Start of EXCERPTED RECORDS

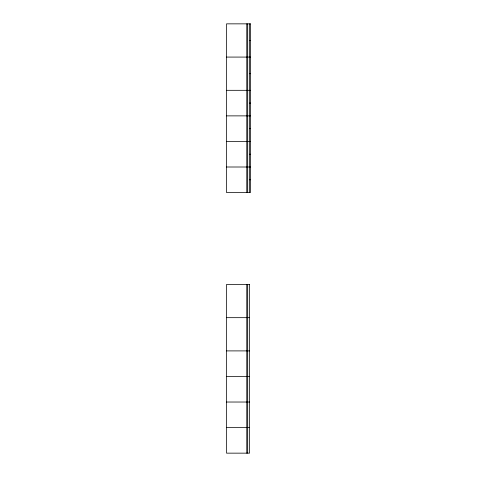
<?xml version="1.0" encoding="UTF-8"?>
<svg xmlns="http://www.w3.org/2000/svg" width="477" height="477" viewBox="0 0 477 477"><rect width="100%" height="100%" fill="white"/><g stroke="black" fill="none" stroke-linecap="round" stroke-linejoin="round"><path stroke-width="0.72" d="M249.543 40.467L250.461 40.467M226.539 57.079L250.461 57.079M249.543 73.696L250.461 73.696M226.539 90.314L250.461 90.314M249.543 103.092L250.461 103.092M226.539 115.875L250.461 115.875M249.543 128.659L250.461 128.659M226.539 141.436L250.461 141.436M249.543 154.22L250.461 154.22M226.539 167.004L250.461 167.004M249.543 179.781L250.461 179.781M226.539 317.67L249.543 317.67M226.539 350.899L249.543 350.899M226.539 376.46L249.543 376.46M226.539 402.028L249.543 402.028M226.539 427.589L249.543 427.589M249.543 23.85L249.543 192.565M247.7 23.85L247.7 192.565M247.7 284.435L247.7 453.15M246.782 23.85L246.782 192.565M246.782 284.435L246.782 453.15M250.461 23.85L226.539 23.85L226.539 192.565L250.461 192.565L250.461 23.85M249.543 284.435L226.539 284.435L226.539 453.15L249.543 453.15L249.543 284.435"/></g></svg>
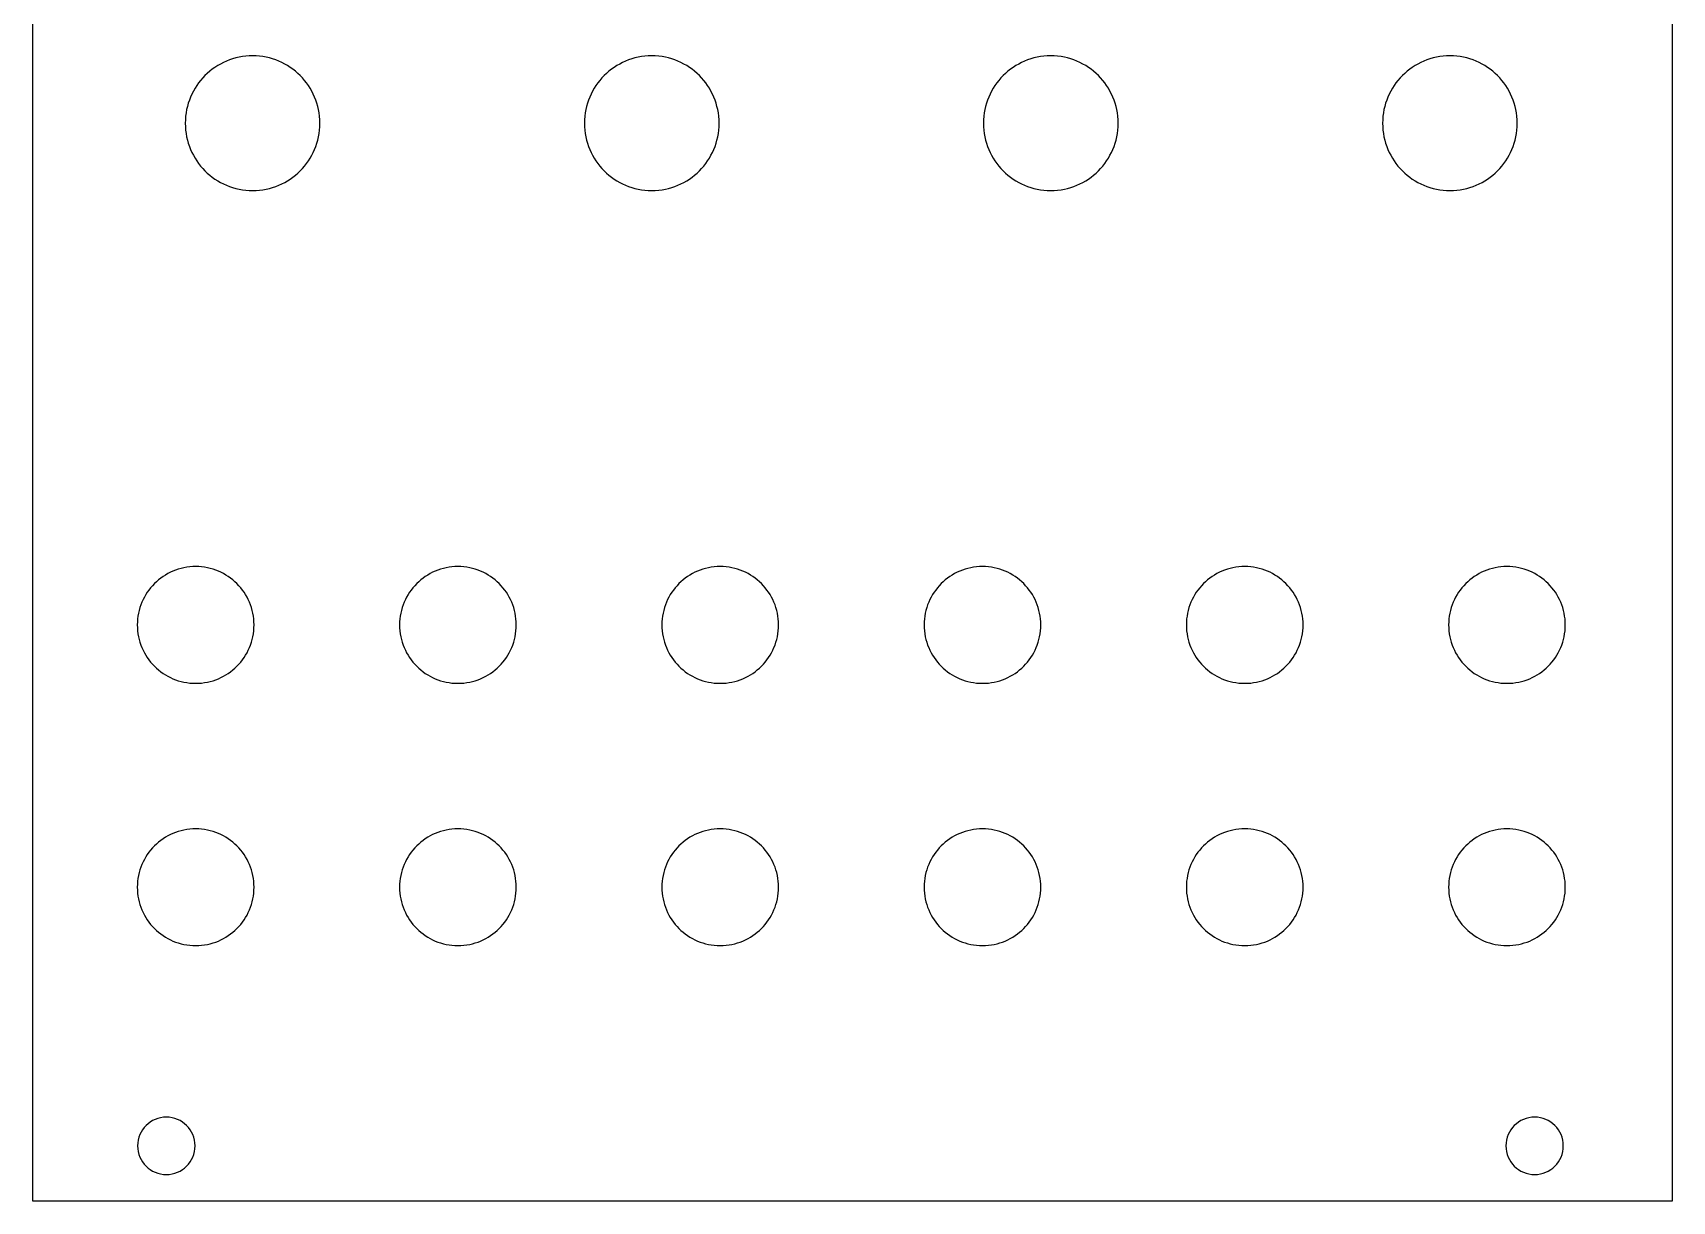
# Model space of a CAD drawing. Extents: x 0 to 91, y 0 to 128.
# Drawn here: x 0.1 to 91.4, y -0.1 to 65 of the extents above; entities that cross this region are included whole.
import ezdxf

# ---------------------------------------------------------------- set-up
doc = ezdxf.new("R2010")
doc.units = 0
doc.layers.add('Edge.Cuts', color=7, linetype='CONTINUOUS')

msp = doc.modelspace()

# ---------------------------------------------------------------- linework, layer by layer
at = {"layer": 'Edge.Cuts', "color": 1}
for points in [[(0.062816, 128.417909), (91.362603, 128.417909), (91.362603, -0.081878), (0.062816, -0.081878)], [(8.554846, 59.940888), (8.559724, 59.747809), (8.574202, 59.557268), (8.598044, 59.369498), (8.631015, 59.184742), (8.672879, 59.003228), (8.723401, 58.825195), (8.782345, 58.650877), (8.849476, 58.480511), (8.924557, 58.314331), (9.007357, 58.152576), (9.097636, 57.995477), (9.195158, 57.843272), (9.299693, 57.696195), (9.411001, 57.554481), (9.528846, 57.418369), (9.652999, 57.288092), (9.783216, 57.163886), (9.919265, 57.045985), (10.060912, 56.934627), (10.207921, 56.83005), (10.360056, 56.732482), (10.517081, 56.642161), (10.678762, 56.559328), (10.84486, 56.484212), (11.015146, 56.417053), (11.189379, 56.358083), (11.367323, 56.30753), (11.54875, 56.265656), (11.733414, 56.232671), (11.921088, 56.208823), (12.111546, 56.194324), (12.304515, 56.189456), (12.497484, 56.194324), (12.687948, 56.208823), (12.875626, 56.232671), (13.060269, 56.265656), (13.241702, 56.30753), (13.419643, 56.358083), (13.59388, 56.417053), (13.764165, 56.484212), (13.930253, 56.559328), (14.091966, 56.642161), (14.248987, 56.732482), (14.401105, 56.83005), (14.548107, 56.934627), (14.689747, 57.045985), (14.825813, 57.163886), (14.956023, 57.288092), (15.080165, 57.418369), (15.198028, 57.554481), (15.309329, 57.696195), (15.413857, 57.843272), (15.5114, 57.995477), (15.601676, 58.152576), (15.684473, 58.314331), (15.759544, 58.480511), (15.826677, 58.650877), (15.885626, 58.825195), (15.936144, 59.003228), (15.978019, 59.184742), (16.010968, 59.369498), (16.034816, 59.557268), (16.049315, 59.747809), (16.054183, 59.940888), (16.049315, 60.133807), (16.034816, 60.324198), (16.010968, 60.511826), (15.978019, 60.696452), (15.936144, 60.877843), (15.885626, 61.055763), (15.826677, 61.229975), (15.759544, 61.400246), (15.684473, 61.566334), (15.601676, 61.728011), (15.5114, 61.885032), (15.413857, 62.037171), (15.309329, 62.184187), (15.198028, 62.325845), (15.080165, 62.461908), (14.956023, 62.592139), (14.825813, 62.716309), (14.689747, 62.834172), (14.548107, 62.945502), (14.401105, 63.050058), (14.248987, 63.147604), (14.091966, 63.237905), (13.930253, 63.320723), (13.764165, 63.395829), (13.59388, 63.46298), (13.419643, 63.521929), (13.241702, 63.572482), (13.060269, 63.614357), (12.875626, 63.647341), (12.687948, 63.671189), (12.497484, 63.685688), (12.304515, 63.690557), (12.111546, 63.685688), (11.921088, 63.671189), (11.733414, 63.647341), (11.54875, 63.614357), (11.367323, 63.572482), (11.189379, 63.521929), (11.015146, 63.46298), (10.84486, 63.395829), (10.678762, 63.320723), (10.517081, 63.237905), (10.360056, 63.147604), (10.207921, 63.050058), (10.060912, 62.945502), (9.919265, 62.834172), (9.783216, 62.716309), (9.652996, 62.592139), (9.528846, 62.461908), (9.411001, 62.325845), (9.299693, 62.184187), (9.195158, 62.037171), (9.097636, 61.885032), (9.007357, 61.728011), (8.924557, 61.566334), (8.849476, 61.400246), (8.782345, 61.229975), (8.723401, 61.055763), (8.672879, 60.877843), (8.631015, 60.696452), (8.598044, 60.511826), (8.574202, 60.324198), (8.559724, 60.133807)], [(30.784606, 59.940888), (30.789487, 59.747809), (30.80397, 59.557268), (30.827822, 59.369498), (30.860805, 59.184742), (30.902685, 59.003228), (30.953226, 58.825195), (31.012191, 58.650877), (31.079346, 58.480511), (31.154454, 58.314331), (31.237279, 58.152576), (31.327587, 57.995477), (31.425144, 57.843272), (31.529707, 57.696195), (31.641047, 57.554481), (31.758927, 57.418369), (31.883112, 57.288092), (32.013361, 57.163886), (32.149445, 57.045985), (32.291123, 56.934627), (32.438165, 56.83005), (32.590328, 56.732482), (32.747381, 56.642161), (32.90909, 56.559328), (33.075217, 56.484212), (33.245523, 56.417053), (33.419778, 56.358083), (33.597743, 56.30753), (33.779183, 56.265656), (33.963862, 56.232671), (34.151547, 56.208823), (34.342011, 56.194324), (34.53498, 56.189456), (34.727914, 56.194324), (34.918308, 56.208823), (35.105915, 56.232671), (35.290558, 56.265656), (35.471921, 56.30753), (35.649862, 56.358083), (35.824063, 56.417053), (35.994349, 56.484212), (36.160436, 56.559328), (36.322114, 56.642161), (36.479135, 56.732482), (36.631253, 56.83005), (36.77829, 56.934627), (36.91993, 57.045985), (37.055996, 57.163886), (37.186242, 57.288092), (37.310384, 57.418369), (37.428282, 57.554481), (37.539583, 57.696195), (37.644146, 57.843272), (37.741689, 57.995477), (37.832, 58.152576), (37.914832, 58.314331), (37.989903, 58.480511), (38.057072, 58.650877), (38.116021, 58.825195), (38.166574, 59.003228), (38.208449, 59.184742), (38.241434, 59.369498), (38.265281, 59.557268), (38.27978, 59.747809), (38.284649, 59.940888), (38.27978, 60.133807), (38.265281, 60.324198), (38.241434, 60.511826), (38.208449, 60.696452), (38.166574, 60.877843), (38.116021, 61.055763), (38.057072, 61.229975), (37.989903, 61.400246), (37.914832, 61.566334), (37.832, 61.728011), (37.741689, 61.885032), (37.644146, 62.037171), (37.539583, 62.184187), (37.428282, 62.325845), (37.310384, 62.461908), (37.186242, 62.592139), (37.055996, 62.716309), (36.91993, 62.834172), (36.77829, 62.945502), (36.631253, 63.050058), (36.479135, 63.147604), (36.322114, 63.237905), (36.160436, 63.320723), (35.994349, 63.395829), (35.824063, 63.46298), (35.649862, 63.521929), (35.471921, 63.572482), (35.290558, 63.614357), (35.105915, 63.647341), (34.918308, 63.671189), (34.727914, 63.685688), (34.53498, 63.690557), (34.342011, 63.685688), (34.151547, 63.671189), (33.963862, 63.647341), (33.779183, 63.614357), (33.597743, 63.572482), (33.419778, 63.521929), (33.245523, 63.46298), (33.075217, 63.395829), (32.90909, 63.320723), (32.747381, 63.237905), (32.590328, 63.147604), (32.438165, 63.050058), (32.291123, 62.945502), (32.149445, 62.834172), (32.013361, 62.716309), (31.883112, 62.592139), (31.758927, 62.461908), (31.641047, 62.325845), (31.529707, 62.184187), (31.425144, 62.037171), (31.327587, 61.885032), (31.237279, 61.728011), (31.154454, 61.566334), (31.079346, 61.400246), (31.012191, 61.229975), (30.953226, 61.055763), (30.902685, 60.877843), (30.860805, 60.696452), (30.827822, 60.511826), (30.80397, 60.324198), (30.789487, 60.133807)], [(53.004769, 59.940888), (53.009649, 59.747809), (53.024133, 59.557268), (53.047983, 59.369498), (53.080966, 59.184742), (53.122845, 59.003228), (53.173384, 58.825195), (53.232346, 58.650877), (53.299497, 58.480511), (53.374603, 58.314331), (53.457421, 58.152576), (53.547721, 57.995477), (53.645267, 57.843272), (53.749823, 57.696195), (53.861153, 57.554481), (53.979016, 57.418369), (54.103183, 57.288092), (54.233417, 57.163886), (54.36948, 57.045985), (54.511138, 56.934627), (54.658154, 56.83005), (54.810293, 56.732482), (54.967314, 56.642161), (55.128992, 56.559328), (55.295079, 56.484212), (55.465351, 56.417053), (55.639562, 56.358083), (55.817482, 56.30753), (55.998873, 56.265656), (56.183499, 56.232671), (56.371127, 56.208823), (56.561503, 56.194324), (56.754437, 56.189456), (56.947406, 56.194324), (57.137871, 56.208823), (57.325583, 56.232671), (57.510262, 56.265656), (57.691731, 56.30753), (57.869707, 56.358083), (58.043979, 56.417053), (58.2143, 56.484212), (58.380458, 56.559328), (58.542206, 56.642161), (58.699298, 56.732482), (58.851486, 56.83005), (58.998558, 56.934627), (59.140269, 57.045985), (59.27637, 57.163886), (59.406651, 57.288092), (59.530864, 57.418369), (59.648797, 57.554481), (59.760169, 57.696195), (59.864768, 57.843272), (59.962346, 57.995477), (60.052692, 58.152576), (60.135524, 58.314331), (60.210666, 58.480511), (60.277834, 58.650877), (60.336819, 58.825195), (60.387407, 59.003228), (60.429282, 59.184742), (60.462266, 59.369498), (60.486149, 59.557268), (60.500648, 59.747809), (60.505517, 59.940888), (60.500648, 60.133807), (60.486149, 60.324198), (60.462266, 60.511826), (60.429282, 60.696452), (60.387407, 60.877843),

End of EXCERPTED RECORDS

PROBLEM:
Using the records above, report each line that contains the word "Cuts" by copying it.

REPLY:
doc.layers.add('Edge.Cuts', color=7, linetype='CONTINUOUS')
at = {"layer": 'Edge.Cuts', "color": 1}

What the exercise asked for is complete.